SuffolkCharles Kingson (Ernst & Young; Columbia Adjunct) delivered the Donahue Lecture at Suffolk, How Tax Thinks, published at 37 Suffolk U. L. Rev. 1031 (2004). Here is part of the Introduction:

Tax thinking boils a transaction down not to labels but to who gets what why, and it forces you to examine where and how it says that. The clarity of former tax lawyers like Robert H. Jackson, Harry Blackmun, and Sumner Redstone shows that -- far from being a bunch of crazies speaking in tongues -- tax law represents just the opposite. Much of tax practice consists of trying to find logical definitions of ordinary English words (such as "sale" and "ownership"); and tax tries to root those definitions in the concerns of actual transactions.

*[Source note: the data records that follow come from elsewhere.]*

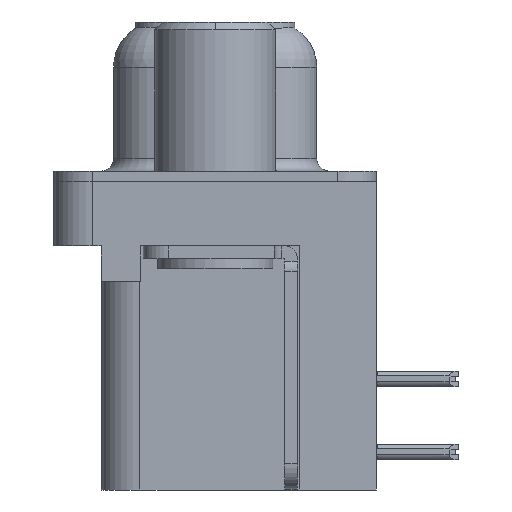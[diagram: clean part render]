
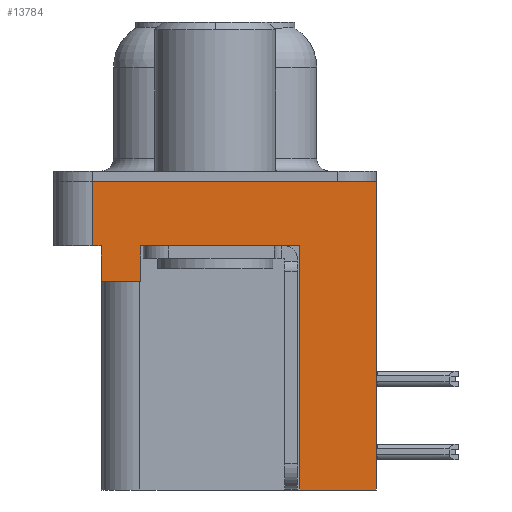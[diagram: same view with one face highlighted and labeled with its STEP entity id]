
A CAD part, left-side view. The second image highlights one B-rep face of the part: STEP entity #13784.
In plain terms, the highlighted planar face has unit normal (-1, 0, 0).
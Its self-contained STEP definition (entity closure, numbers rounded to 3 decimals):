
#683 = ORIENTED_EDGE ( 'NONE', *, *, #19775, .F. ) ;
#788 = CARTESIAN_POINT ( 'NONE',  ( -2.91, -6.275, -2.5 ) ) ;
#902 = LINE ( 'NONE', #3814, #19401 ) ;
#1391 = CARTESIAN_POINT ( 'NONE',  ( -2.91, 4.775, -2.5 ) ) ;
#1457 = DIRECTION ( 'NONE',  ( 0., 1., 0. ) ) ;
#1537 = CARTESIAN_POINT ( 'NONE',  ( -2.91, 4.425, -3.9 ) ) ;
#1554 = DIRECTION ( 'NONE',  ( 0., -1., 0. ) ) ;
#1751 = CARTESIAN_POINT ( 'NONE',  ( -2.91, -3.295, -12. ) ) ;
#1860 = ORIENTED_EDGE ( 'NONE', *, *, #19980, .F. ) ;
#2193 = LINE ( 'NONE', #17331, #9697 ) ;
#2792 = CARTESIAN_POINT ( 'NONE',  ( -2.91, 4.775, -2.5 ) ) ;
#3027 = LINE ( 'NONE', #788, #5364 ) ;
#3395 = EDGE_CURVE ( 'NONE', #12881, #23274, #2193, .T. ) ;
#3694 = DIRECTION ( 'NONE',  ( -1., 0., 0. ) ) ;
#3814 = CARTESIAN_POINT ( 'NONE',  ( -2.91, -6.275, 0. ) ) ;
#4096 = VECTOR ( 'NONE', #16528, 1000. ) ;
#4123 = VERTEX_POINT ( 'NONE', #18198 ) ;
#4350 = EDGE_CURVE ( 'NONE', #15947, #4123, #5244, .T. ) ;
#4399 = LINE ( 'NONE', #22009, #4096 ) ;
#4702 = VECTOR ( 'NONE', #1554, 1000. ) ;
#4954 = VECTOR ( 'NONE', #16286, 1000. ) ;
#5071 = EDGE_CURVE ( 'NONE', #23665, #17893, #4399, .T. ) ;
#5119 = CARTESIAN_POINT ( 'NONE',  ( -2.91, -6.275, -12. ) ) ;
#5244 = LINE ( 'NONE', #2792, #14720 ) ;
#5364 = VECTOR ( 'NONE', #10083, 1000. ) ;
#5520 = LINE ( 'NONE', #1751, #4954 ) ;
#5656 = EDGE_CURVE ( 'NONE', #15733, #16406, #5520, .T. ) ;
#5743 = ORIENTED_EDGE ( 'NONE', *, *, #10127, .T. ) ;
#6099 = CARTESIAN_POINT ( 'NONE',  ( -2.91, 2.895, -2.5 ) ) ;
#6388 = VECTOR ( 'NONE', #14441, 1000. ) ;
#6413 = DIRECTION ( 'NONE',  ( 0., 0., 1. ) ) ;
#6671 = LINE ( 'NONE', #16766, #19672 ) ;
#9392 = DIRECTION ( 'NONE',  ( 0., 0., 1. ) ) ;
#9598 = LINE ( 'NONE', #20226, #4702 ) ;
#9697 = VECTOR ( 'NONE', #21270, 1000. ) ;
#9853 = CARTESIAN_POINT ( 'NONE',  ( -2.91, -3.295, -2.5 ) ) ;
#10083 = DIRECTION ( 'NONE',  ( 0., -1., 0. ) ) ;
#10121 = ORIENTED_EDGE ( 'NONE', *, *, #5071, .T. ) ;
#10127 = EDGE_CURVE ( 'NONE', #17893, #16406, #3027, .T. ) ;
#10915 = CARTESIAN_POINT ( 'NONE',  ( -2.91, -3.295, -12. ) ) ;
#11585 = AXIS2_PLACEMENT_3D ( 'NONE', #18625, #3694, #16625 ) ;
#12221 = VERTEX_POINT ( 'NONE', #17894 ) ;
#12881 = VERTEX_POINT ( 'NONE', #13908 ) ;
#13202 = EDGE_LOOP ( 'NONE', ( #683, #14816, #20498, #13478, #20183, #10121, #5743, #22362, #1860, #18003 ) ) ;
#13478 = ORIENTED_EDGE ( 'NONE', *, *, #3395, .F. ) ;
#13784 = ADVANCED_FACE ( 'NONE', ( #16647 ), #18549, .T. ) ;
#13908 = CARTESIAN_POINT ( 'NONE',  ( -2.91, 4.425, -3.9 ) ) ;
#14441 = DIRECTION ( 'NONE',  ( 0., 1., 0. ) ) ;
#14720 = VECTOR ( 'NONE', #6413, 1000. ) ;
#14816 = ORIENTED_EDGE ( 'NONE', *, *, #4350, .F. ) ;
#14901 = EDGE_CURVE ( 'NONE', #23665, #12881, #19589, .T. ) ;
#15733 = VERTEX_POINT ( 'NONE', #15843 ) ;
#15843 = CARTESIAN_POINT ( 'NONE',  ( -2.91, -3.295, -12. ) ) ;
#15947 = VERTEX_POINT ( 'NONE', #1391 ) ;
#16286 = DIRECTION ( 'NONE',  ( 0., 0., 1. ) ) ;
#16406 = VERTEX_POINT ( 'NONE', #9853 ) ;
#16528 = DIRECTION ( 'NONE',  ( 0., 0., 1. ) ) ;
#16625 = DIRECTION ( 'NONE',  ( 0., 0., 1. ) ) ;
#16647 = FACE_OUTER_BOUND ( 'NONE', #13202, .T. ) ;
#16766 = CARTESIAN_POINT ( 'NONE',  ( -2.91, -6.275, -2.5 ) ) ;
#17331 = CARTESIAN_POINT ( 'NONE',  ( -2.91, 4.425, -3.9 ) ) ;
#17893 = VERTEX_POINT ( 'NONE', #6099 ) ;
#17894 = CARTESIAN_POINT ( 'NONE',  ( -2.91, -6.275, 0. ) ) ;
#18003 = ORIENTED_EDGE ( 'NONE', *, *, #21613, .T. ) ;
#18198 = CARTESIAN_POINT ( 'NONE',  ( -2.91, 4.775, 0. ) ) ;
#18549 = PLANE ( 'NONE',  #11585 ) ;
#18625 = CARTESIAN_POINT ( 'NONE',  ( -2.91, -6.275, -2.5 ) ) ;
#19401 = VECTOR ( 'NONE', #22488, 1000. ) ;
#19589 = LINE ( 'NONE', #1537, #19876 ) ;
#19634 = EDGE_CURVE ( 'NONE', #15947, #23274, #9598, .T. ) ;
#19672 = VECTOR ( 'NONE', #9392, 1000. ) ;
#19775 = EDGE_CURVE ( 'NONE', #4123, #12221, #902, .T. ) ;
#19876 = VECTOR ( 'NONE', #1457, 1000. ) ;
#19980 = EDGE_CURVE ( 'NONE', #22210, #15733, #21719, .T. ) ;
#20183 = ORIENTED_EDGE ( 'NONE', *, *, #14901, .F. ) ;
#20226 = CARTESIAN_POINT ( 'NONE',  ( -2.91, -6.275, -2.5 ) ) ;
#20498 = ORIENTED_EDGE ( 'NONE', *, *, #19634, .T. ) ;
#21270 = DIRECTION ( 'NONE',  ( 0., 0., 1. ) ) ;
#21613 = EDGE_CURVE ( 'NONE', #22210, #12221, #6671, .T. ) ;
#21719 = LINE ( 'NONE', #10915, #6388 ) ;
#21985 = CARTESIAN_POINT ( 'NONE',  ( -2.91, 2.895, -3.9 ) ) ;
#22009 = CARTESIAN_POINT ( 'NONE',  ( -2.91, 2.895, -3.9 ) ) ;
#22210 = VERTEX_POINT ( 'NONE', #5119 ) ;
#22362 = ORIENTED_EDGE ( 'NONE', *, *, #5656, .F. ) ;
#22488 = DIRECTION ( 'NONE',  ( 0., -1., 0. ) ) ;
#22830 = CARTESIAN_POINT ( 'NONE',  ( -2.91, 4.425, -2.5 ) ) ;
#23274 = VERTEX_POINT ( 'NONE', #22830 ) ;
#23665 = VERTEX_POINT ( 'NONE', #21985 ) ;

Making definitions by connecting elements lies at the heart of tax thinking, and a delight in recognizing connections often indicates a burgeoning tax lawyer. [o test this theory, I used to give summer associates a bogus tax aptitude test  The idea of the test was that if they liked seeing the test's connections -- whether or not they got the answer -- they might like tax law. Let me try two:

1. What do Baa Baa Black Sheep, the alphabet, and Twinkle, Twinkle, Little Star have in common? Well, hum one of them. When you hum one, you hum all three; because they all have the same tune.

2. Sarah Barney Belcher of Taunton, Massachusetts, was the ancestor of which of the following?

  • Douglas MacArthur
  • Franklin Roosevelt
  • Winston Churchill
  • The answer is, all three.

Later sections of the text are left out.